I should have stayed in bed this morning. I was thinking one more day on FTP and we'll be done. Oh no. This morning was just awful: no goes, flaring, popping, some shopping, avoidance, wouldn't take cast off a sit, etc. I don't know where all this came from. It was horrible but I forced my way through the morning and finally got it all done, including a good sit on whistle and then taking the back cast. Jeez.


----------



## Wayne Nutt (Jan 10, 2010)

Yates did very good on his pile work this morning. We did it after field work of five marks. Maybe he was too tired to think of any aggravation. Go figure.


----------



## Wayne Nutt (Jan 10, 2010)

We finished FTP this morning with nice square whistle sits. Now on to T. I only do single T which works for me. I had some nice ZW duck retrieves this morning. He hustled back with ducks. Unfortunately my videocam lens was dirty and the sun reflected on it to make A crummy video. But I have it in my memory.

He is getting more steady. I still have the short lead but drop it to the ground. He is doing simple doubles. We need to work on push pull drills. I think we're going to work on that during the next few days of rain.


----------



## Wayne Nutt (Jan 10, 2010)

I decided to post the video from 9/28/21 even though the quality is poor. I think you can see an improvement in his attitude. This morning we stayed home and did some drills: wagon wheel and stretching out three handed casting in prep for doing 8 handed casting.


----------



## Wayne Nutt (Jan 10, 2010)

This morning we worked on being more steady and running from under the down hand. Rather taking off as soon as the hand shadow appears.
I set up my blind pole for T. I showed him the pile but discovered a bunch of grass burrs (stickers) along the route. May have to find a different location.


----------



## Wayne Nutt (Jan 10, 2010)

Too wet to get out in the fields. So Yates, Shiner and I did some training in the back yard. Basically steady drills.


----------



## EdA (May 13, 2003)

Wayne Nutt said:


> I should have stayed in bed this morning. I was thinking one more day on FTP and we'll be done. Oh no. This morning was just awful: no goes, flaring, popping, some shopping, avoidance, wouldn't take cast off a sit, etc. I don't know where all this came from. It was horrible but I forced my way through the morning and finally got it all done, including a good sit on whistle and then taking the back cast. Jeez.
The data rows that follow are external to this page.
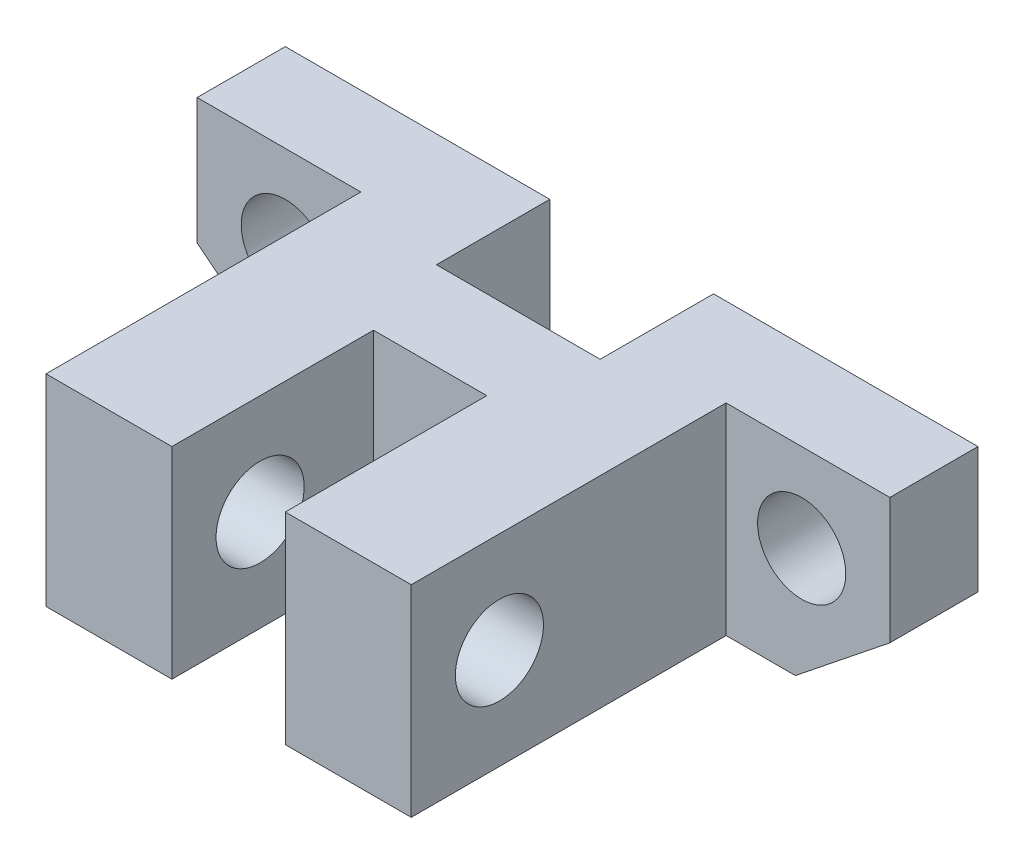
ISO-10303-21;
HEADER;
FILE_DESCRIPTION(('STEP AP214'),'2;1');
FILE_NAME('part.step','',(''),(''),'','','');
FILE_SCHEMA(('AUTOMOTIVE_DESIGN { 1 0 10303 214 1 1 1 1 }'));
ENDSEC;
DATA;
#1=APPLICATION_CONTEXT('core data for automotive mechanical design processes');
#2=APPLICATION_PROTOCOL_DEFINITION('international standard','automotive_design',2000,#1);
#3=PRODUCT_CONTEXT('',#1,'mechanical');
#4=PRODUCT('Part','Part','',(#3));
#5=PRODUCT_RELATED_PRODUCT_CATEGORY('part','',(#4));
#6=PRODUCT_DEFINITION_FORMATION('','',#4);
#7=PRODUCT_DEFINITION_CONTEXT('part definition',#1,'design');
#8=PRODUCT_DEFINITION('design','',#6,#7);
#9=PRODUCT_DEFINITION_SHAPE('','',#8);
#10=(LENGTH_UNIT() NAMED_UNIT(*) SI_UNIT(.MILLI.,.METRE.));
#11=(NAMED_UNIT(*) PLANE_ANGLE_UNIT() SI_UNIT($,.RADIAN.));
#12=(NAMED_UNIT(*) SI_UNIT($,.STERADIAN.) SOLID_ANGLE_UNIT());
#13=UNCERTAINTY_MEASURE_WITH_UNIT(LENGTH_MEASURE(1.E-05),#10,'distance_accuracy_value','');
#14=(GEOMETRIC_REPRESENTATION_CONTEXT(3) GLOBAL_UNCERTAINTY_ASSIGNED_CONTEXT((#13)) GLOBAL_UNIT_ASSIGNED_CONTEXT((#10,
#11,#12)) REPRESENTATION_CONTEXT('',''));
#15=CARTESIAN_POINT('',(0.,0.,0.));
#16=DIRECTION('',(0.,0.,1.));
#17=DIRECTION('',(1.,0.,0.));
#18=AXIS2_PLACEMENT_3D('',#15,#16,#17);
#19=CARTESIAN_POINT('',(0.,0.,32.));
#20=DIRECTION('',(0.,0.,1.));
#21=DIRECTION('',(1.,0.,0.));
#22=AXIS2_PLACEMENT_3D('',#19,#20,#21);
#23=PLANE('',#22);
#24=DIRECTION('',(0.,1.,0.));
#25=VECTOR('',#24,1.);
#26=CARTESIAN_POINT('',(4.5,0.,32.));
#27=LINE('',#26,#25);
#28=CARTESIAN_POINT('',(4.5,-11.,32.));
#29=VERTEX_POINT('',#28);
#30=CARTESIAN_POINT('',(4.5,5.,32.));
#31=VERTEX_POINT('',#30);
#32=EDGE_CURVE('E210',#29,#31,#27,.T.);
#33=ORIENTED_EDGE('',*,*,#32,.F.);
#34=DIRECTION('',(1.,0.,0.));
#35=VECTOR('',#34,1.);
#36=CARTESIAN_POINT('',(-20.,-11.,32.));
#37=LINE('',#36,#35);
#38=CARTESIAN_POINT('',(14.5,-11.,32.));
#39=VERTEX_POINT('',#38);
#40=EDGE_CURVE('E294',#29,#39,#37,.T.);
#41=ORIENTED_EDGE('',*,*,#40,.T.);
#42=DIRECTION('',(0.,1.,0.));
#43=VECTOR('',#42,1.);
#44=CARTESIAN_POINT('',(14.5,0.,32.));
#45=LINE('',#44,#43);
#46=CARTESIAN_POINT('',(14.5,5.,32.));
#47=VERTEX_POINT('',#46);
#48=EDGE_CURVE('E344',#39,#47,#45,.T.);
#49=ORIENTED_EDGE('',*,*,#48,.T.);
#50=DIRECTION('',(-1.,0.,0.));
#51=VECTOR('',#50,1.);
#52=CARTESIAN_POINT('',(-27.5,5.,32.));
#53=LINE('',#52,#51);
#54=EDGE_CURVE('E290',#47,#31,#53,.T.);
#55=ORIENTED_EDGE('',*,*,#54,.T.);
#56=EDGE_LOOP('',(#33,#41,#49,#55));
#57=FACE_BOUND('',#56,.T.);
#58=ADVANCED_FACE('F45',(#57),#23,.T.);
#59=CARTESIAN_POINT('',(0.,0.,0.));
#60=DIRECTION('',(0.,0.,1.));
#61=DIRECTION('',(1.,0.,0.));
#62=AXIS2_PLACEMENT_3D('',#59,#60,#61);
#63=PLANE('',#62);
#64=CARTESIAN_POINT('',(20.5,-2.,0.));
#65=DIRECTION('',(0.,0.,1.));
#66=DIRECTION('',(1.,0.,0.));
#67=AXIS2_PLACEMENT_3D('',#64,#65,#66);
#68=CIRCLE('',#67,3.5);
#69=CARTESIAN_POINT('',(24.,-2.,0.));
#70=VERTEX_POINT('',#69);
#71=EDGE_CURVE('E632',#70,#70,#68,.T.);
#72=ORIENTED_EDGE('',*,*,#71,.T.);
#73=EDGE_LOOP('',(#72));
#74=FACE_BOUND('',#73,.T.);
#75=DIRECTION('',(1.,0.,0.));
#76=VECTOR('',#75,1.);
#77=CARTESIAN_POINT('',(-20.,-11.,0.));
#78=LINE('',#77,#76);
#79=CARTESIAN_POINT('',(6.5,-11.,0.));
#80=VERTEX_POINT('',#79);
#81=CARTESIAN_POINT('',(20.,-11.,0.));
#82=VERTEX_POINT('',#81);
#83=EDGE_CURVE('E320',#80,#82,#78,.T.);
#84=ORIENTED_EDGE('',*,*,#83,.F.);
#85=DIRECTION('',(0.,-1.,0.));
#86=VECTOR('',#85,1.);
#87=CARTESIAN_POINT('',(6.5,5.,0.));
#88=LINE('',#87,#86);
#89=CARTESIAN_POINT('',(6.5,5.,0.));
#90=VERTEX_POINT('',#89);
#91=EDGE_CURVE('E236',#90,#80,#88,.T.);
#92=ORIENTED_EDGE('',*,*,#91,.F.);
#93=DIRECTION('',(-1.,0.,0.));
#94=VECTOR('',#93,1.);
#95=CARTESIAN_POINT('',(-27.5,5.,0.));
#96=LINE('',#95,#94);
#97=CARTESIAN_POINT('',(27.5,5.,0.));
#98=VERTEX_POINT('',#97);
#99=EDGE_CURVE('E308',#98,#90,#96,.T.);
#100=ORIENTED_EDGE('',*,*,#99,.F.);
#101=DIRECTION('',(0.,1.,0.));
#102=VECTOR('',#101,1.);
#103=CARTESIAN_POINT('',(27.5,5.,0.));
#104=LINE('',#103,#102);
#105=CARTESIAN_POINT('',(27.5,-5.,0.));
#106=VERTEX_POINT('',#105);
#107=EDGE_CURVE('E303',#106,#98,#104,.T.);
#108=ORIENTED_EDGE('',*,*,#107,.F.);
#109=DIRECTION('',(0.780868809443031,0.624695047554424,0.));
#110=VECTOR('',#109,1.);
#111=CARTESIAN_POINT('',(20.,-11.,0.));
#112=LINE('',#111,#110);
#113=EDGE_CURVE('E289',#82,#106,#112,.T.);
#114=ORIENTED_EDGE('',*,*,#113,.F.);
#115=EDGE_LOOP('',(#84,#92,#100,#108,#114));
#116=FACE_BOUND('',#115,.T.);
#117=ADVANCED_FACE('F387',(#74,#116),#63,.F.);
#118=DIRECTION('',(0.,-1.,0.));
#119=VECTOR('',#118,1.);
#120=CARTESIAN_POINT('',(-4.5,0.,32.));
#121=LINE('',#120,#119);
#122=CARTESIAN_POINT('',(-4.5,5.,32.));
#123=VERTEX_POINT('',#122);
#124=CARTESIAN_POINT('',(-4.5,-11.,32.));
#125=VERTEX_POINT('',#124);
#126=EDGE_CURVE('E62',#123,#125,#121,.T.);
#127=ORIENTED_EDGE('',*,*,#126,.F.);
#128=CARTESIAN_POINT('',(-14.5,5.,32.));
#129=VERTEX_POINT('',#128);
#130=EDGE_CURVE('E191',#123,#129,#53,.T.);
#131=ORIENTED_EDGE('',*,*,#130,.T.);
#132=DIRECTION('',(0.,-1.,0.));
#133=VECTOR('',#132,1.);
#134=CARTESIAN_POINT('',(-14.5,0.,32.));
#135=LINE('',#134,#133);
#136=CARTESIAN_POINT('',(-14.5,-11.,32.));
#137=VERTEX_POINT('',#136);
#138=EDGE_CURVE('E251',#129,#137,#135,.T.);
#139=ORIENTED_EDGE('',*,*,#138,.T.);
#140=EDGE_CURVE('E295',#137,#125,#37,.T.);
#141=ORIENTED_EDGE('',*,*,#140,.T.);
#142=EDGE_LOOP('',(#127,#131,#139,#141));
#143=FACE_BOUND('',#142,.T.);
#144=ADVANCED_FACE('F411',(#143),#23,.T.);
#145=CARTESIAN_POINT('',(20.,-11.,32.));
#146=DIRECTION('',(-0.624695047554424,0.780868809443031,0.));
#147=DIRECTION('',(-0.780868809443031,-0.624695047554424,0.));
#148=AXIS2_PLACEMENT_3D('',#145,#146,#147);
#149=PLANE('',#148);
#150=DIRECTION('',(0.,0.,-1.));
#151=VECTOR('',#150,1.);
#152=CARTESIAN_POINT('',(27.5,-5.,32.));
#153=LINE('',#152,#151);
#154=CARTESIAN_POINT('',(27.5,-5.,7.));
#155=VERTEX_POINT('',#154);
#156=EDGE_CURVE('E341',#155,#106,#153,.T.);
#157=ORIENTED_EDGE('',*,*,#156,.F.);
#158=DIRECTION('',(-0.780868809443031,-0.624695047554424,0.));
#159=VECTOR('',#158,1.);
#160=CARTESIAN_POINT('',(20.,-11.,6.99999999999999));
#161=LINE('',#160,#159);
#162=CARTESIAN_POINT('',(20.,-11.,7.));
#163=VERTEX_POINT('',#162);
#164=EDGE_CURVE('E281',#155,#163,#161,.T.);
#165=ORIENTED_EDGE('',*,*,#164,.T.);
#166=DIRECTION('',(0.,0.,-1.));
#167=VECTOR('',#166,1.);
#168=CARTESIAN_POINT('',(20.,-11.,32.));
#169=LINE('',#168,#167);
#170=EDGE_CURVE('E299',#163,#82,#169,.T.);
#171=ORIENTED_EDGE('',*,*,#170,.T.);
#172=ORIENTED_EDGE('',*,*,#113,.T.);
#173=EDGE_LOOP('',(#157,#165,#171,#172));
#174=FACE_BOUND('',#173,.T.);
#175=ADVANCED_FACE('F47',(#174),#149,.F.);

All part of the normal progression which is why we do it


----------



## EdA (May 13, 2003)

Wayne Nutt said:


> Too wet to get out in the fields. So Yates, Shiner and I did some training in the back yard. Basically steady drills.


Wayne, you inspire me😊


----------



## Wayne Nutt (Jan 10, 2010)

Back on lead again.


----------



## Wayne Nutt (Jan 10, 2010)

Finished establishing T line this morning.


----------



## Wayne Nutt (Jan 10, 2010)

Yates 8 months tomorrow. 62.5 lbs. Stayed home this morning. Did wagon wheel introduced orange bumpers into drill. Did extended (longer) three handed casting. Then started teaching angle backs. Coming into his own since a lot of the pressure is behind us.


----------



## Wayne Nutt (Jan 10, 2010)

We had a great day on marks: two land ZW ducks, one water ZW Dokken and one box launcher wc pigeon.
I ran into a problem on T. Just too many grass spurs that are creating problems. I scouted around and found a new field that the cows have muched down and no spurs. So starting over.


----------



## Wayne Nutt (Jan 10, 2010)

Moved to new field and established T line. Forced once. Probably all I will do given previous work. 9 bumpers with enthusiasm. A good session.


----------



## Wayne Nutt (Jan 10, 2010)

Continued good progress on T. Established intersection and casting left, right and back. This morning moved full distance and stopping and taking casts. Going to be wet the next coup!e of days with 2-4" rain. So may not get back in fields until early next week. If the weather would cooperate I can finish in a few more sessions. 
I'm fighting the calender to get to swimby before it turns cold.
The ranch hand moved several dozen cows into my new T field yesterday. We're used to working in and around cows. This morning we had to stop and let them graze through. 
We got his slight crooked sit fixed. He is still a little slow on his sit but it is pretty tight. Working on this.
We're doing pretty nice doubles and lead free steady on dead ducks and live pigeons.


----------



## paul young (Jan 5, 2003)

Wayne Nutt said:


> Continued good progress on T. Established intersection and casting left, right and back. This morning moved full distance and stopping and taking casts. Going to be wet the next coup!e of days with 2-4" rain. So may not get back in fields until early next week. If the weather would cooperate I can finish in a few more sessions.
> I'm fighting the calender to get to swimby before it turns cold.
> The ranch hand moved several dozen cows into my new T field yesterday. We're used to working in and around cows. This morning we had to stop and let them graze through.
> We got his slight crooked sit fixed. He is still a little slow on his sit but it is pretty tight. Working on this.
> We're doing pretty nice doubles and lead free steady on dead ducks and live pigeons.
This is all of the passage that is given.